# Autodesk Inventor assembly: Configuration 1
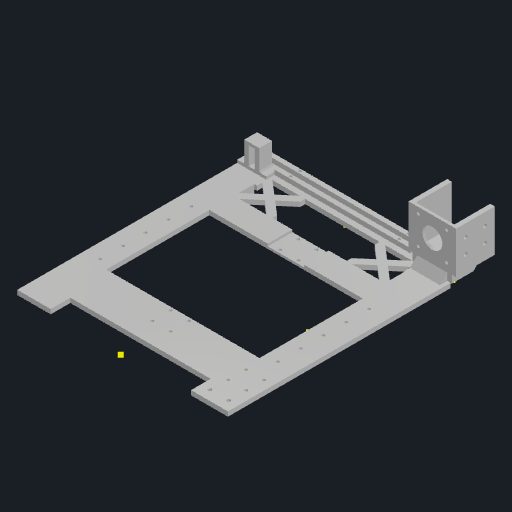
[picture p0: Inventor's stored thumbnail of the model, 512x512]
Saved by Autodesk Inventor 2026.2 (Build 302298000, 298)
## iProperties
Created: 2026-02-12
Part Number: Configuration 1
Document SubType Name: Assembly
Designer: AdminForWorker
Mass: 215.378 g
Surface Area: 1025.41 cm^2
Volume: 195.798 cm^3
Density: 1.1 g/cm^3
Title: stagex v7 new version v8
Author: AdminForWorker
## Documents named in this file (3)
- C:\Users\Alvin\OneDrive\Documents\Inventor\NCKU_Automation_Incubator_Microscope\stagex v7 new version\stagex v7 new version.iam
- C:\Users\Alvin\OneDrive\Documents\Inventor\NCKU_Automation_Incubator_Microscope\stagex v7 new version\limitswitch_bracket v2.ipt
- C:\Users\Alvin\OneDrive\Documents\Inventor\NCKU_Automation_Incubator_Microscope\stagex v7 new version\Part4.ipt
## Components (2 placed, 2 different names)
1. limitswitch_bracket v2:1 — Mate:1, Flush:2, Flush:3
2. Part4 — Mate:1, Flush:2, Flush:3
## Relationships (3: Flush 2, Mate 1)
- Mate:1: limitswitch_bracket v2:1 ↔ Part4
- Flush:2: limitswitch_bracket v2:1 ↔ Part4
- Flush:3: limitswitch_bracket v2:1 ↔ Part4

● ● ● ●

## Task item
Each line from the top of the material through the line containing "new version\limitswitch_bracket v2.ipt" should be reproduced exactly; please drop any images.

## Answer to this problem
# Autodesk Inventor assembly: Configuration 1
[picture p0: Inventor's stored thumbnail of the model, 512x512]
Saved by Autodesk Inventor 2026.2 (Build 302298000, 298)
## iProperties
Created: 2026-02-12
Part Number: Configuration 1
Document SubType Name: Assembly
Designer: AdminForWorker
Mass: 215.378 g
Surface Area: 1025.41 cm^2
Volume: 195.798 cm^3
Density: 1.1 g/cm^3
Title: stagex v7 new version v8
Author: AdminForWorker
## Documents named in this file (3)
- C:\Users\Alvin\OneDrive\Documents\Inventor\NCKU_Automation_Incubator_Microscope\stagex v7 new version\stagex v7 new version.iam
- C:\Users\Alvin\OneDrive\Documents\Inventor\NCKU_Automation_Incubator_Microscope\stagex v7 new version\limitswitch_bracket v2.ipt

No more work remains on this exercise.